Assignment> Output all of the records word for word and drop the images.
[Supplied material]
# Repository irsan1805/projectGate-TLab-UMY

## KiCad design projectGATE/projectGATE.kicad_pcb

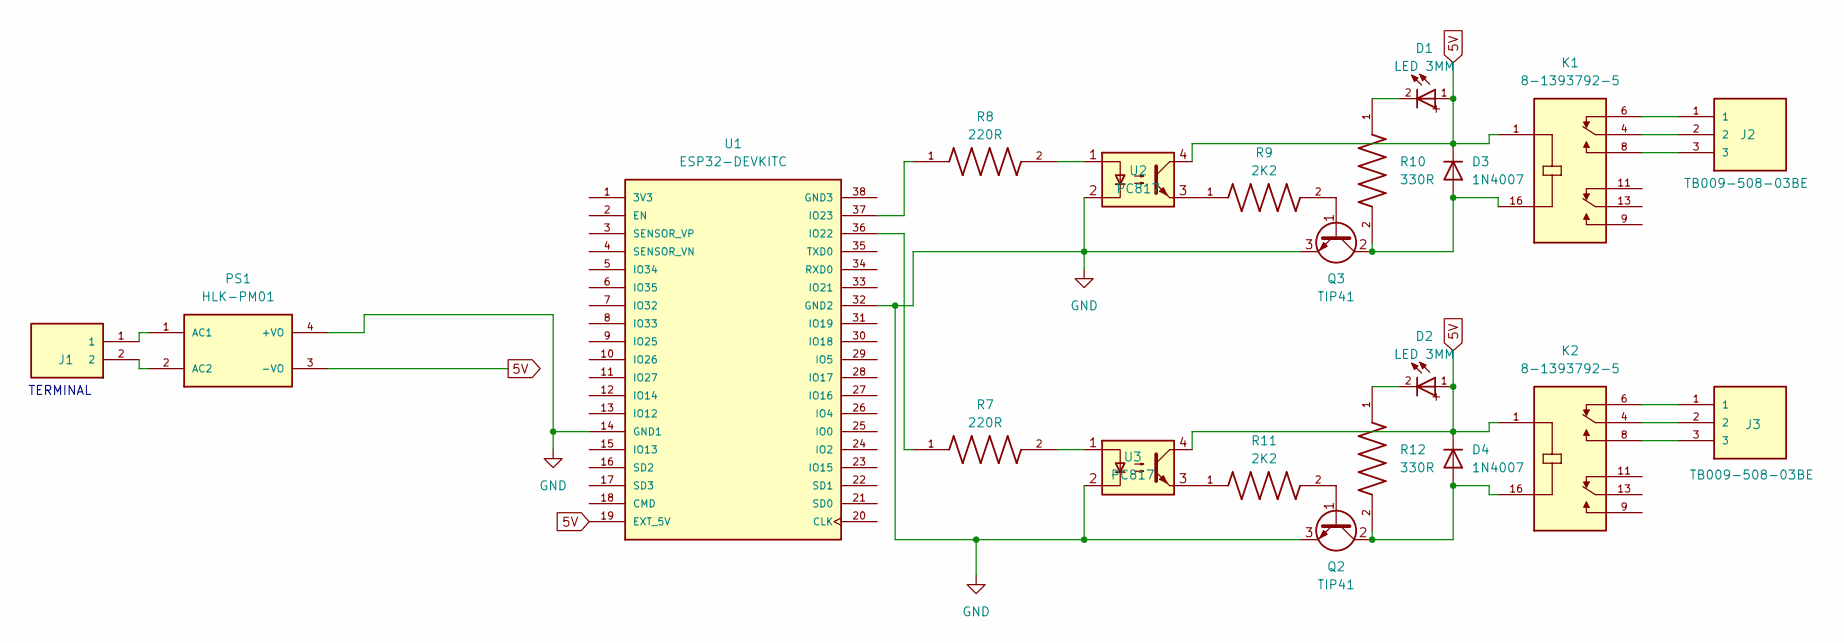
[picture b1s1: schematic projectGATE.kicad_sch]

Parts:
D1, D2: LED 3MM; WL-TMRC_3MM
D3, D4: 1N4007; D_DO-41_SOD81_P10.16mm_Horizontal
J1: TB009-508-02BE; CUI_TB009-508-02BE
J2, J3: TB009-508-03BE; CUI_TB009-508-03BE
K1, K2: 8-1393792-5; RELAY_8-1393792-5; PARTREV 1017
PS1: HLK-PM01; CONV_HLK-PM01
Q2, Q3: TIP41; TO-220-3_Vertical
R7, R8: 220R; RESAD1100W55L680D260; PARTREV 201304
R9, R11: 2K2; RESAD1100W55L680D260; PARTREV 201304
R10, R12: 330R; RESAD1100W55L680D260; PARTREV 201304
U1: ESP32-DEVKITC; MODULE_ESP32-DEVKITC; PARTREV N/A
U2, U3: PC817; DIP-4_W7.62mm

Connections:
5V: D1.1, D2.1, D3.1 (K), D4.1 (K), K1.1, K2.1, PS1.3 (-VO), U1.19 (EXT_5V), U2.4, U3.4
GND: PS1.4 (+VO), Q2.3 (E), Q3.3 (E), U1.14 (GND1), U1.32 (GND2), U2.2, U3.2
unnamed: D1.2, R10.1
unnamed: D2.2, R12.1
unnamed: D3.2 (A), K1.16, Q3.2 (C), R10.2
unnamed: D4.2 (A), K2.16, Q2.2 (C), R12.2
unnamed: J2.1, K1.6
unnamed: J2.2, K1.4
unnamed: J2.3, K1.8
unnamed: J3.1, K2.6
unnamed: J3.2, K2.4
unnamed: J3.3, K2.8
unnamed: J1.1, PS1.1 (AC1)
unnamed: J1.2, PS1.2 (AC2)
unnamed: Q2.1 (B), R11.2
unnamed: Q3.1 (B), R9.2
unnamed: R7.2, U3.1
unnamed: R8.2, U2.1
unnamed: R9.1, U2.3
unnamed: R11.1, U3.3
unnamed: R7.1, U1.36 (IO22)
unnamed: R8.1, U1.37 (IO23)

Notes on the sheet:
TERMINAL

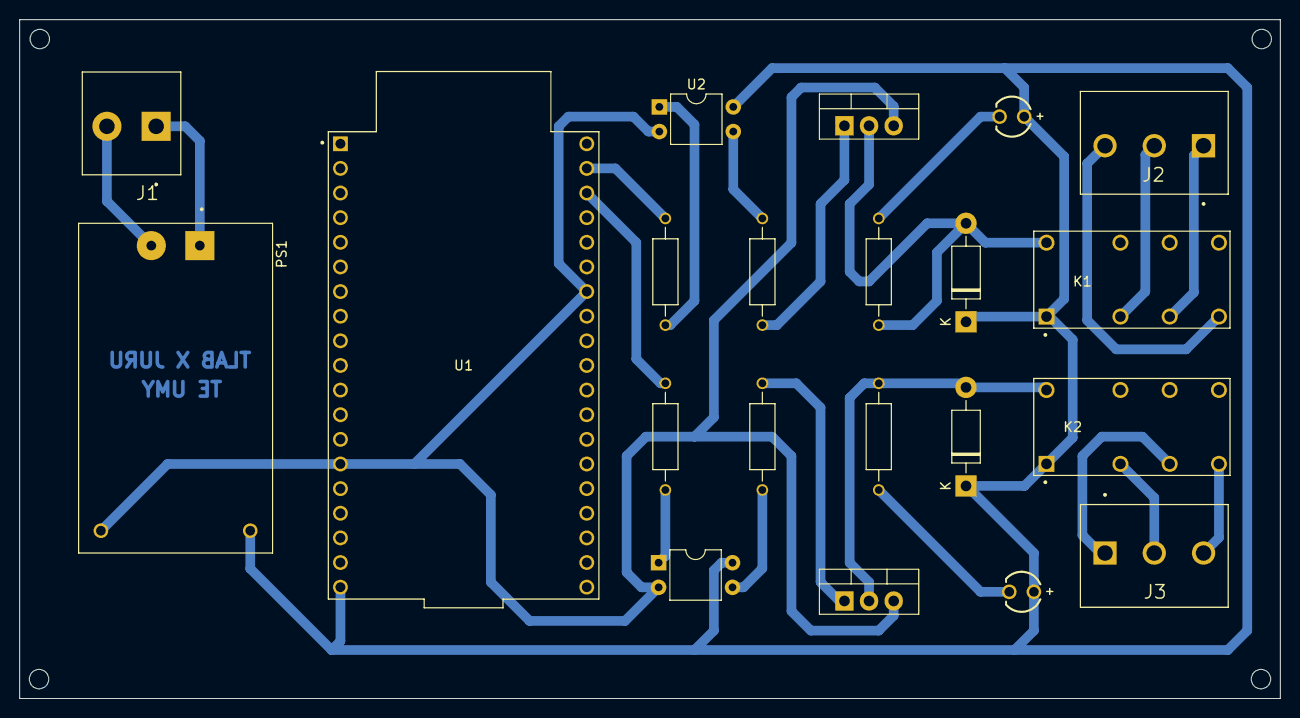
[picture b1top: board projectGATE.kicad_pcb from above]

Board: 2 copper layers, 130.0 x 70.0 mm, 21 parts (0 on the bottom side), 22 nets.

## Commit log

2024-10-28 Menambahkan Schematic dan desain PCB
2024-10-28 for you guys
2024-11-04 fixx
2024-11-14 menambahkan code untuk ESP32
[/Supplied material]
Result of the exercise>
# Repository irsan1805/projectGate-TLab-UMY

## KiCad design projectGATE/projectGATE.kicad_pcb

[picture b1s1: schematic projectGATE.kicad_sch]

Parts:
D1, D2: LED 3MM; WL-TMRC_3MM
D3, D4: 1N4007; D_DO-41_SOD81_P10.16mm_Horizontal
J1: TB009-508-02BE; CUI_TB009-508-02BE
J2, J3: TB009-508-03BE; CUI_TB009-508-03BE
K1, K2: 8-1393792-5; RELAY_8-1393792-5; PARTREV 1017
PS1: HLK-PM01; CONV_HLK-PM01
Q2, Q3: TIP41; TO-220-3_Vertical
R7, R8: 220R; RESAD1100W55L680D260; PARTREV 201304
R9, R11: 2K2; RESAD1100W55L680D260; PARTREV 201304
R10, R12: 330R; RESAD1100W55L680D260; PARTREV 201304
U1: ESP32-DEVKITC; MODULE_ESP32-DEVKITC; PARTREV N/A
U2, U3: PC817; DIP-4_W7.62mm

Connections:
5V: D1.1, D2.1, D3.1 (K), D4.1 (K), K1.1, K2.1, PS1.3 (-VO), U1.19 (EXT_5V), U2.4, U3.4
GND: PS1.4 (+VO), Q2.3 (E), Q3.3 (E), U1.14 (GND1), U1.32 (GND2), U2.2, U3.2
unnamed: D1.2, R10.1
unnamed: D2.2, R12.1
unnamed: D3.2 (A), K1.16, Q3.2 (C), R10.2
unnamed: D4.2 (A), K2.16, Q2.2 (C), R12.2
unnamed: J2.1, K1.6
unnamed: J2.2, K1.4
unnamed: J2.3, K1.8
unnamed: J3.1, K2.6
unnamed: J3.2, K2.4
unnamed: J3.3, K2.8
unnamed: J1.1, PS1.1 (AC1)
unnamed: J1.2, PS1.2 (AC2)
unnamed: Q2.1 (B), R11.2
unnamed: Q3.1 (B), R9.2
unnamed: R7.2, U3.1
unnamed: R8.2, U2.1
unnamed: R9.1, U2.3
unnamed: R11.1, U3.3
unnamed: R7.1, U1.36 (IO22)
unnamed: R8.1, U1.37 (IO23)

Notes on the sheet:
TERMINAL

[picture b1top: board projectGATE.kicad_pcb from above]

Board: 2 copper layers, 130.0 x 70.0 mm, 21 parts (0 on the bottom side), 22 nets.

## Commit log

2024-10-28 Menambahkan Schematic dan desain PCB
2024-10-28 for you guys
2024-11-04 fixx
2024-11-14 menambahkan code untuk ESP32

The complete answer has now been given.